(Data records)
··········

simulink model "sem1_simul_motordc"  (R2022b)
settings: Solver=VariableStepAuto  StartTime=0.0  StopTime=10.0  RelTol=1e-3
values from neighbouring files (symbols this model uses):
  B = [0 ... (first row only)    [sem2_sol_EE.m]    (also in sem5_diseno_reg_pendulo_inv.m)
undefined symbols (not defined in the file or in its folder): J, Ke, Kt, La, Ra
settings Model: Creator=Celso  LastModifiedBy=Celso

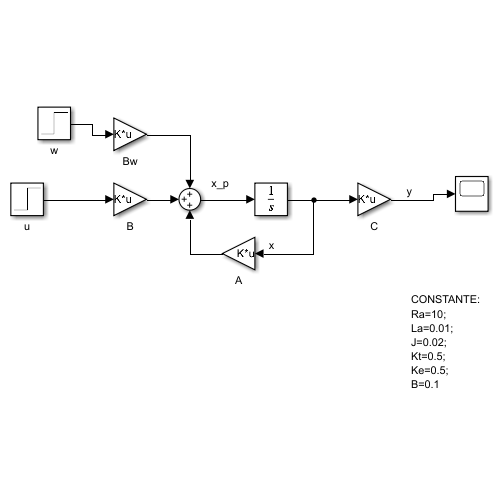
[thumbnail: Simulink's stored preview of the top-level diagram]
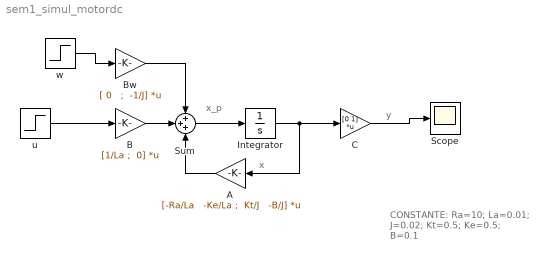
== system sem1_simul_motordc ==
  note: CONSTANTE:
      | Ra=10;
      | La=0.01;
      | J=0.02;
      | Kt=0.5;
      | Ke=0.5;
      | B=0.1
  note: y
  note: x_p
  note: x
  A : Gain  Gain="[-Ra/La   -Ke/La ;  Kt/J   -B/J]"  Multiplication=Matrix(K*u)
  B : Gain  Gain="[1/La ;  0]"  Multiplication=Matrix(K*u)
  Bw : Gain  Gain="[ 0   ;  -1/J]"  Multiplication=Matrix(K*u)
  C : Gain  Gain="[0   1]"  Multiplication=Matrix(K*u)
  Integrator : Integrator
  Scope : Scope
  Sum : Sum  Inputs=+++
  u : Step  Time=0  After=12  SampleTime=0
  w : Step  Time=5  SampleTime=0
  wires:
  u/1 -> B/1
  B/1 -> Sum/2
  A/1 -> Sum/3
  Bw/1 -> Sum/1
  Sum/1 -> Integrator/1
  Integrator/1 -> C/1, A/1
  w/1 -> Bw/1
  C/1 -> Scope/1

··········

Using the data above, write out every line exactly, leaving the images behind.

**ANSWER FOR THIS EXERCISE**:
simulink model "sem1_simul_motordc"  (R2022b)
settings: Solver=VariableStepAuto  StartTime=0.0  StopTime=10.0  RelTol=1e-3
values from neighbouring files (symbols this model uses):
  B = [0 ... (first row only)    [sem2_sol_EE.m]    (also in sem5_diseno_reg_pendulo_inv.m)
undefined symbols (not defined in the file or in its folder): J, Ke, Kt, La, Ra
settings Model: Creator=Celso  LastModifiedBy=Celso

[thumbnail: Simulink's stored preview of the top-level diagram]
== system sem1_simul_motordc ==
  note: CONSTANTE:
      | Ra=10;
      | La=0.01;
      | J=0.02;
      | Kt=0.5;
      | Ke=0.5;
      | B=0.1
  note: y
  note: x_p
  note: x
  A : Gain  Gain="[-Ra/La   -Ke/La ;  Kt/J   -B/J]"  Multiplication=Matrix(K*u)
  B : Gain  Gain="[1/La ;  0]"  Multiplication=Matrix(K*u)
  Bw : Gain  Gain="[ 0   ;  -1/J]"  Multiplication=Matrix(K*u)
  C : Gain  Gain="[0   1]"  Multiplication=Matrix(K*u)
  Integrator : Integrator
  Scope : Scope
  Sum : Sum  Inputs=+++
  u : Step  Time=0  After=12  SampleTime=0
  w : Step  Time=5  SampleTime=0
  wires:
  u/1 -> B/1
  B/1 -> Sum/2
  A/1 -> Sum/3
  Bw/1 -> Sum/1
  Sum/1 -> Integrator/1
  Integrator/1 -> C/1, A/1
  w/1 -> Bw/1
  C/1 -> Scope/1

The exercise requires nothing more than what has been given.